Mohon tunggu...
Akbar Pitopang
Akbar Pitopang Mohon Tunggu... Guru - Berbagi Bukan Menggurui

Mengulik sisi lain dunia pendidikan Indonesia 📖 Omnibus: Cinta Indonesia Setengah dan Jelajah Negeri Sendiri terbitan Bentang Pustaka | Universitas Islam Negeri Sunan Kalijaga Yogyakarta | Best Teacher 2022 dan Best In Specific Interest Nominee 2023 | Ketua Bank Sampah Sekolah | Teknisi Asesmen Nasional ANBK | Penggerak Komunitas Belajar Kurikulum Merdeka

Selanjutnya

Tutup

Humaniora Pilihan

Meneropong Sisi Humanis Urgensi Pengesahan RUU KIA dan Pemberian Cuti Melahirkan 6 Bulan

21 Juni 2022   09:31 Diperbarui: 22 Juni 2022   15:40 1288
+
Laporkan Konten
Laporkan Akun
Kompasiana adalah platform blog. Konten ini menjadi tanggung jawab bloger dan tidak mewakili pandangan redaksi Kompas.
Lihat foto
Kehamilan merupakan adalah jenis stres fisik. Sesuai draf RUU KIA, cuti melahirkan direcanakan 6 bulan (SHUTTERSTOCK/Natalia Deriabina via Kompas.com)

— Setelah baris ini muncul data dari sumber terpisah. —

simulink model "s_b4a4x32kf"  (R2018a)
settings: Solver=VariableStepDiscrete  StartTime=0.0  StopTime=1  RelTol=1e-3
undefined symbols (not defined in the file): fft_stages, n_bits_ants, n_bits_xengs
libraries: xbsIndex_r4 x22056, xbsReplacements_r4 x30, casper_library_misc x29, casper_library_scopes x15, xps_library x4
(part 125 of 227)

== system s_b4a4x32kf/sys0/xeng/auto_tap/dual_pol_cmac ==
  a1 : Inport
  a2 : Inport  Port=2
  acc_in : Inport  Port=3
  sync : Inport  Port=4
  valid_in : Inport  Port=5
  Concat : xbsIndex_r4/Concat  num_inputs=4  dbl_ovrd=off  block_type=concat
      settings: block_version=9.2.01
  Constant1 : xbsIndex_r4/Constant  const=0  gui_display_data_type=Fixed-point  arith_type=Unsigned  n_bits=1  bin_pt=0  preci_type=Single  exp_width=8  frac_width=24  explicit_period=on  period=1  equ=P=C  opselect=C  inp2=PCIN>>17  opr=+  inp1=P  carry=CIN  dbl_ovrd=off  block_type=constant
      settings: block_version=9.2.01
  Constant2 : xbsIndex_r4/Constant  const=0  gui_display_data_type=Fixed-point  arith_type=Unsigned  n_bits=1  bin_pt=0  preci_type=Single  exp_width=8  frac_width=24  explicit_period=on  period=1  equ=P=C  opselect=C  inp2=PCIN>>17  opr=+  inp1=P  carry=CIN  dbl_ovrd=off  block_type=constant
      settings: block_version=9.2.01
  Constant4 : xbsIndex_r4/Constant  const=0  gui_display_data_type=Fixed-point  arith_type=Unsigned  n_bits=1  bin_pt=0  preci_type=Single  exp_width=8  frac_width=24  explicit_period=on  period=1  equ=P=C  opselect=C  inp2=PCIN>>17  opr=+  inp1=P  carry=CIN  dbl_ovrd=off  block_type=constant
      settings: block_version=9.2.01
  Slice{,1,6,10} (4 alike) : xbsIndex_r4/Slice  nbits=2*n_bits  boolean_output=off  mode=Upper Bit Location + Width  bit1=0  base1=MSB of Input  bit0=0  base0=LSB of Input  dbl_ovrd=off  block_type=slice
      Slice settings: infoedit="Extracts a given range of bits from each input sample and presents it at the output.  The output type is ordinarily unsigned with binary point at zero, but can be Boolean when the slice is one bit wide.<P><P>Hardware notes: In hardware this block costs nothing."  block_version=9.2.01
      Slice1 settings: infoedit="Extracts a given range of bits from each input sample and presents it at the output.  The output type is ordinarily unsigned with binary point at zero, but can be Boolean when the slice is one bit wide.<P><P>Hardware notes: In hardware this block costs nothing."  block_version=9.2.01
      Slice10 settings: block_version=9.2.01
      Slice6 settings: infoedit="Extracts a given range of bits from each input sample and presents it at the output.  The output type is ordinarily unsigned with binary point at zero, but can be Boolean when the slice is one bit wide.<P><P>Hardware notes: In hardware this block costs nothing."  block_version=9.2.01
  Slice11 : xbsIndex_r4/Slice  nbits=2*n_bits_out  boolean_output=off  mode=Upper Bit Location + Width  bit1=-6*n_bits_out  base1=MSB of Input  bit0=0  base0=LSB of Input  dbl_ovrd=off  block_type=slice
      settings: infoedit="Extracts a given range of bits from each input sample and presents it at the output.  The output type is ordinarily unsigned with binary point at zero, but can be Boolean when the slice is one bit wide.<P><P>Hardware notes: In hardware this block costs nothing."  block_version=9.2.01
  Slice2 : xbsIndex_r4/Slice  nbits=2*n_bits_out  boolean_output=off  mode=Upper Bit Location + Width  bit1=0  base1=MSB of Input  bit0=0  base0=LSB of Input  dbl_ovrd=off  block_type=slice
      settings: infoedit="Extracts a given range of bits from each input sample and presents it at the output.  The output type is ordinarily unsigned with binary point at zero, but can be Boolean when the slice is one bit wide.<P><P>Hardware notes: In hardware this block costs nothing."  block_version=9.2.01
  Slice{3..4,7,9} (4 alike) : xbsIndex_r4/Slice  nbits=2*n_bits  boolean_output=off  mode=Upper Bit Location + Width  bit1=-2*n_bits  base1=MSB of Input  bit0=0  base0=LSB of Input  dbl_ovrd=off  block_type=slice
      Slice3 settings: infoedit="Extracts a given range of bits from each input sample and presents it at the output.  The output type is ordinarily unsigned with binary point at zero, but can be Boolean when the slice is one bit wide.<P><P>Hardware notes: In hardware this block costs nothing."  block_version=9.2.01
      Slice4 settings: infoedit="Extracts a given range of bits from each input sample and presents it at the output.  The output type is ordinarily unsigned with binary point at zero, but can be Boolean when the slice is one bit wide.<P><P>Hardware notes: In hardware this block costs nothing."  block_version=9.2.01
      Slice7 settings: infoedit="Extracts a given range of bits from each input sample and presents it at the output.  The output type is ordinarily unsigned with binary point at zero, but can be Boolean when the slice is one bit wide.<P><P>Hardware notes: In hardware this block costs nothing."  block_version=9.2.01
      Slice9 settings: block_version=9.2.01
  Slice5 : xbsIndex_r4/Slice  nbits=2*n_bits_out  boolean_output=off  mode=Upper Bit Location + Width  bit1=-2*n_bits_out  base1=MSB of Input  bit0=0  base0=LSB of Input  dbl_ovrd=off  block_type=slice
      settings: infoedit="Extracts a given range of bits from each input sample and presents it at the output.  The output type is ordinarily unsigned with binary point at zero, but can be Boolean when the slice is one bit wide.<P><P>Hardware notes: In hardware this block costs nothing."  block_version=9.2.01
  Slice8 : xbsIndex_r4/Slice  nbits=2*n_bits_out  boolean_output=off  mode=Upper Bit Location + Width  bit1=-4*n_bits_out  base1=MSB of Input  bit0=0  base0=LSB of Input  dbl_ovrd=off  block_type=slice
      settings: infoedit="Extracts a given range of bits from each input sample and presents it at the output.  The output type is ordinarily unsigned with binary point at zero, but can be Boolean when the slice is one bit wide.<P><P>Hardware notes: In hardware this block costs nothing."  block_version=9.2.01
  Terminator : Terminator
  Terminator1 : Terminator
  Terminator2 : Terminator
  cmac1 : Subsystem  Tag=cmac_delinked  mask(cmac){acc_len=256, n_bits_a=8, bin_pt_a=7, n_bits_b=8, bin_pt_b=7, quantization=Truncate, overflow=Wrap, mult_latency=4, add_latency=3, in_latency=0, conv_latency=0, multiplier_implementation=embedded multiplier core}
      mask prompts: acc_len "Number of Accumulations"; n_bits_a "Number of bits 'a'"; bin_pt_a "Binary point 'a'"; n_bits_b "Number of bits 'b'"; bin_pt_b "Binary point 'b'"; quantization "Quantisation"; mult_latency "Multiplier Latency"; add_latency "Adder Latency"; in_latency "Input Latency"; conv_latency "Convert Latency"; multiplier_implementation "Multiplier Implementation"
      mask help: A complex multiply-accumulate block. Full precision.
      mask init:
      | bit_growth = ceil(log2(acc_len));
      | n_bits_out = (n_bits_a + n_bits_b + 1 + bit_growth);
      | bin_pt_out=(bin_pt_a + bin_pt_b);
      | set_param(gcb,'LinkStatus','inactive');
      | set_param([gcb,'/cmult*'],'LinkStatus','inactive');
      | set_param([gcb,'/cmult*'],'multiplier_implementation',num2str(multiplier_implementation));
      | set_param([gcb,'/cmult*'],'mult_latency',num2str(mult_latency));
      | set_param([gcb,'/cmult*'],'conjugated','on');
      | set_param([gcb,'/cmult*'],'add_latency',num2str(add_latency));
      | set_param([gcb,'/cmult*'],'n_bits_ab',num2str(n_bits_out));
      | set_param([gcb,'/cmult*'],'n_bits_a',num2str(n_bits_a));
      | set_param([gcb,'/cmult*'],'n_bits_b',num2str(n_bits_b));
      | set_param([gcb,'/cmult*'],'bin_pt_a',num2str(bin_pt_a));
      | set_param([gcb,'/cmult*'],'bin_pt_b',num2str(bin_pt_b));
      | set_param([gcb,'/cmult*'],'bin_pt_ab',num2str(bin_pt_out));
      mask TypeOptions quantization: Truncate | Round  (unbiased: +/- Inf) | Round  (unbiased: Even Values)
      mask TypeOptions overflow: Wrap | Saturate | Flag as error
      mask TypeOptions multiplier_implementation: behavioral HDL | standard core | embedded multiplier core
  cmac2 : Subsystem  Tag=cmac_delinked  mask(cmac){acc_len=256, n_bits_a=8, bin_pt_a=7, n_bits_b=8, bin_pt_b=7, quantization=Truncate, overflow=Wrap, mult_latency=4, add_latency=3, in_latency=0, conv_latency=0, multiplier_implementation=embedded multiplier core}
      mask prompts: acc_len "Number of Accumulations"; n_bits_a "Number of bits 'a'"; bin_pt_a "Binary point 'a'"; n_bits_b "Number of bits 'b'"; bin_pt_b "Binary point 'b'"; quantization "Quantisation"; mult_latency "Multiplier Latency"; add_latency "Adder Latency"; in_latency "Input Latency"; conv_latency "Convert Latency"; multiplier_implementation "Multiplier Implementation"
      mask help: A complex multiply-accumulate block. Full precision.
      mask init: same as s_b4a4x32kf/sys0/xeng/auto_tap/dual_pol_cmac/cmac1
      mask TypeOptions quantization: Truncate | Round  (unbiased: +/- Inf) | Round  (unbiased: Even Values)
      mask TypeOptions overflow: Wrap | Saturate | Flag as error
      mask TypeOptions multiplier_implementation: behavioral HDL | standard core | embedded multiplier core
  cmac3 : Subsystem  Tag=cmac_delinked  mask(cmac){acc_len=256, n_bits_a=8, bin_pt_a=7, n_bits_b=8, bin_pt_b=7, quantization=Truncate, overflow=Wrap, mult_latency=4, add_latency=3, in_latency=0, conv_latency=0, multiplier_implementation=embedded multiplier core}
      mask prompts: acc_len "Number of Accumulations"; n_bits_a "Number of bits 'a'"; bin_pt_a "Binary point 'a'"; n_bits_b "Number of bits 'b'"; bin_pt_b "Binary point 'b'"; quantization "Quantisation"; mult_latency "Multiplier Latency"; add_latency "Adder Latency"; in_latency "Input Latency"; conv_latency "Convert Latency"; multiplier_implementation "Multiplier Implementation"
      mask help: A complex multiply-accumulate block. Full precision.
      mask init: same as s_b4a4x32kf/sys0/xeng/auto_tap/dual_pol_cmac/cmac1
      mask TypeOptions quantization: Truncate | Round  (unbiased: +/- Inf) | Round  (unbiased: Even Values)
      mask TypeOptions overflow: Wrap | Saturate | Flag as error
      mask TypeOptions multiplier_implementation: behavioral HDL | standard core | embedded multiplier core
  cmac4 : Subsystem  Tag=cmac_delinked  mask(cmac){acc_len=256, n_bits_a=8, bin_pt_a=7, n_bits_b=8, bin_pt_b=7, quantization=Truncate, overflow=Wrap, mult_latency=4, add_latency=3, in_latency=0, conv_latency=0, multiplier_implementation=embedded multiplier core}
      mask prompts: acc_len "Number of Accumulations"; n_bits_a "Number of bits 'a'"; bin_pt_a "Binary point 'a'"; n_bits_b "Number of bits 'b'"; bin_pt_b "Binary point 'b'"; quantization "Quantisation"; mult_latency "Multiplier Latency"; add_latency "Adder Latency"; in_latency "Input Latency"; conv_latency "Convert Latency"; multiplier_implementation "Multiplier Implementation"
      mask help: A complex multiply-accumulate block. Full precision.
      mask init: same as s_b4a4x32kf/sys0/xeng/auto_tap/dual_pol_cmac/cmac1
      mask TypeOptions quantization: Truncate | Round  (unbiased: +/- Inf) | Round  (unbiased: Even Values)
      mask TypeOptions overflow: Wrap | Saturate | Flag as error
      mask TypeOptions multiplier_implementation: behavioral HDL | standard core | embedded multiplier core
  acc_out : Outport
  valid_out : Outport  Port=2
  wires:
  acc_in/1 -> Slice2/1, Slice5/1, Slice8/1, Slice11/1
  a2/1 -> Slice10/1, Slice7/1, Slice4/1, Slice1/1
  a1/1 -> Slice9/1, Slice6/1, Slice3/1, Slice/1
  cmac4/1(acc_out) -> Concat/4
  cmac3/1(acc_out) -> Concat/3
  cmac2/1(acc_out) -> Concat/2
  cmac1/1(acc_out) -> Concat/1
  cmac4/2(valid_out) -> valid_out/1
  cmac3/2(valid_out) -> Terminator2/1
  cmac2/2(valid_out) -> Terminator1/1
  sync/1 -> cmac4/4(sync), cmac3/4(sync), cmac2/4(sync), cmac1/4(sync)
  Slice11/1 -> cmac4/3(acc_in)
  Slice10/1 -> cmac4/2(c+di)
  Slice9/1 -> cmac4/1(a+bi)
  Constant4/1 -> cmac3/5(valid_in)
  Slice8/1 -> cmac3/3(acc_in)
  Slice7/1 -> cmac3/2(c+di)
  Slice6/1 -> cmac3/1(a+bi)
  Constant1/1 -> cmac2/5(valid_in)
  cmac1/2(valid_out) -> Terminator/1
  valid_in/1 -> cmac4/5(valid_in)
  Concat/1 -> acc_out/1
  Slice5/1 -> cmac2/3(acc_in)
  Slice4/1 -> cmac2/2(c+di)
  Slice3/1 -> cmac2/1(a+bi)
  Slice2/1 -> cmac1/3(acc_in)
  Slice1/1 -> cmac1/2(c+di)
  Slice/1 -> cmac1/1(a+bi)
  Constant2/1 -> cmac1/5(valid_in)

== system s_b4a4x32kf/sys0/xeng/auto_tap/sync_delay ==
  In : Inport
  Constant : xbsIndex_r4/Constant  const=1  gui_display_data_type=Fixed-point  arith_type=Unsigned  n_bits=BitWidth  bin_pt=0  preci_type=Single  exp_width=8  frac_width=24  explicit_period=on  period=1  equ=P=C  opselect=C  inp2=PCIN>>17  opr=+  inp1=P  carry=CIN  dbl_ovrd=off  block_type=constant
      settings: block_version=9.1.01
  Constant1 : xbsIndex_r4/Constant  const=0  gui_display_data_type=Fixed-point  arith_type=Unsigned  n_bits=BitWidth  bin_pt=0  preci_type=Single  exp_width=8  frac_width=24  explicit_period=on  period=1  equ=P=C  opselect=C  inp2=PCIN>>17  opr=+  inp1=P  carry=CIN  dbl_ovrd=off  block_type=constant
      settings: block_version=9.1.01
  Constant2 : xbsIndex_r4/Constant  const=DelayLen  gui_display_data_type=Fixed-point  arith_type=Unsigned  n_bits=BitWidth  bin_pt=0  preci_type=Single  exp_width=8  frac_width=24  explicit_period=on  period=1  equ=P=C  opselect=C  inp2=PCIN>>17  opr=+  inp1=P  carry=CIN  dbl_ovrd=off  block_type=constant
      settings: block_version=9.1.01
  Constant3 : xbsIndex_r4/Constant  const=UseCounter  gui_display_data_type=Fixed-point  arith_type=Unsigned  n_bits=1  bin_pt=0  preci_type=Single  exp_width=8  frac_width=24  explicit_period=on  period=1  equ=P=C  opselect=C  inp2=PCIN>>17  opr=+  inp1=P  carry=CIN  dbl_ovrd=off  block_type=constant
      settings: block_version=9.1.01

Beberapa hari ini media memberitakan tentang rencana DPR untuk merevisi kebijakan pemberian cuti kepada ibu hamil yang melahirkan yang nantinya akan diberikan selama 6 bulan.

Dari aturan yang telah berlaku sebelumnya bahwa cuti yang diberikan kepada istri yang melahirkan selama 3 bulan saja atau 90 hari dan atau 12 minggu.

Perubahan aturan cuti bagi istri yang melahirkan dari yang awalnya 3 bulan lalu ditambah menjadi 6 bulan tentu sebuah inovasi kebijakan yang patut diapresiasi.

Bagaimana tidak, aturan ini sangat mendesak untuk dapat disahkan karena kami sendiri menilai bahwa pemberian cuti istri melahirkan selama 3 bulan dinilai masih kurang layak.

Mengutip Kompas.com, sesuai draf RUU KIA, cuti melahirkan direcanakan diberikan 6 bulan lamanya.

Dewan Perwakilan Rakyat (DPR) tengah menyelesaikan ramuan Rancangan Undang-Undang Kesejahteraan Ibu dan Anak (RUU KIA), dimana salah satu pasalnya memuat hak cuti melahirkan 6 bulan.

Hal tersebut dituangkan dalam Pasal 4 Ayat (2) huruf a draf RUU KIA, yang berbunyi: "Selain hak sebagaimana dimaksud pada ayat (1), setiap Ibu yang bekerja berhak: a. mendapatkan cuti melahirkan paling sedikit 6 (enam) bulan".

Untuk sama-sama kita diketahui bahwa penetapan masa cuti melahirkan sebelumnya telah diatur dalam Undang-Undang Nomor 13 Tahun 2003 tentang Tenaga Kerja, dengan pemberian cuti melahirkan selama 3 bulan.

Disamping itu, di dalam RUU KIA juga mengatur bahwa ibu yang cuti melahirkan juga akan tetap mendapatkan gaji penuh untuk tiga bulan pertama dan gaji sebesar 75 persen untuk tiga bulan berikutnya.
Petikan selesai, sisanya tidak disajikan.